I was wondering if it is possible to write an equation for the magnitude of the magnetic field $\vec{B}$ required to compress the spring?

Suppose we want to compress the coil for a specific distance d. All we know is $k$ (or the stiffness of the spring).The red area in the diagram is the electromagnet that can produce a reasonably uniform field of any strength we choose.

P.S. I haven't tried this before experimentally, so I'm not sure if this arrangement actually works but I think if a permanent magnet is attached to the other side of the spring, the electromagnet would compress the spring much more easily. Here is the diagram:

I'm curious how we can determine the amount of $\vec{B}$ needed to compress the spring.

Staff: Mentor

What compresses the spring in graph 2? Is the spring itself ferromagnetic?

In which amount? For a ferromagnetic spring (or the case of a permanent magnet in the correct orientation) I would always expect some compression. Calculating this might be tricky, and it could even have more than one stable point.

In any way, k alone does not help.

3. nasu

If the field is uniform, why would the spring compress? Is there a current going trough it?
Otherwise, you need a non-uniform field. The magnetic force depends on the actual configuration of the field (its gradient). So another parameter to consider.

4. roam

996
Yes you are right. What I really meant was that the red magnet in my diagram is an electromagnet. So you can obtain any magnitude of magnetic field you want by adjusting the number of turns per unit length and current in its solenoid since:

$B= \mu_0 \frac{N}{l} I$​

So, how do we relate the gradient of the field that you've mentioned to the spring?

The spring itself is made of iron so it's ferromagnetic. My question is, how much $\vec{B}$ is sufficient to overcome the stiffness of the spring and compress it for a distance $d$? What are the concepts/equations involved? If $k$ alone doesn't help then what other parameters do we need?

Last edited: Jun 28, 2012

Staff: Mentor

If you know the field gradient everywhere, it should be possible to evaluate the force on the individual parts of the spring - if you know how the spring looks like (will depend on its mass probably its geometry). If you have that, you can approximate your spring as system of a lot small springs with forces in between and maybe take the limit for infinitely small spring elements. In equilibrium positions, the summed forces at every position are 0.
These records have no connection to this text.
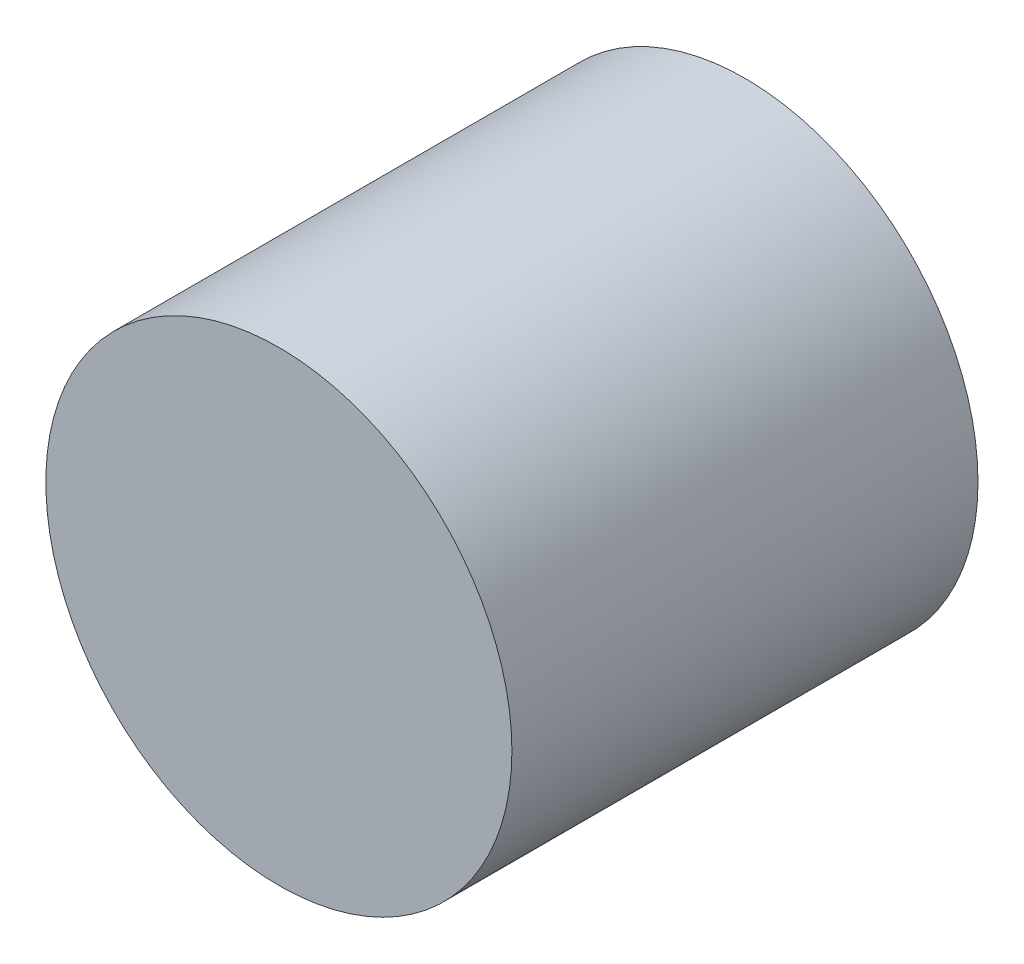
SolidWorks part; units mm, degrees
ref_plane "前视基准面" through (0, 0, 0) normal (0, 0, 1) x (1, 0, 0)
ref_plane "上视基准面" through (0, 0, 0) normal (0, 1, 0) x (1, 0, 0)
ref_plane "右视基准面" through (0, 0, 0) normal (1, 0, 0) x (0, 0, -1)
other "Configuration Table"
sketch "草图1" plane through (0, 0, 0) normal (0, 0, 1) x (1, 0, 0)
  circle A0 centre (0, 0) radius 12
extrude "凸台-拉伸1" add sketch "草图1" against normal blind 24

As you can imagine, the general situation is quite tricky. It might be possible to find some effective approximations, but I would really try to test this experimentally first.

The permament magnet at the other side simplifies the situation, if you can neglect the magnetic forces inside the spring. In this case, you have a single, position-dependent force F(x) (given by the field gradient and your magnet), and the restoring force -kx of the spring. Solving F(x)-kx=0 will give you equilibrium positions.

6. roam

996
In order to compress the spring, the force applied to the spring due to the magnetic field must overcome the spring's restoring force. We know what the restoring force would equal to. But what is the equation describing the magnitude of the force $F$ on the the spring due to $\vec{B}$?

Staff: Mentor

This depends on your geometry, the field gradient and your attached mass and its own magnetic field. The product of magnetic field and field gradient, integrated over the volume of the mass, should give a good approximation.

Staff: Mentor

Oh, it will work. Why not investigate it by constructing a few? You might find that a spiral spring lends better lends itself to your experiment. I leave you to determine whether spiralling out, or spiralling in, with distance is the way to go. Good luck with the investigtion! Leave the maths for later, first come to grips with the practical.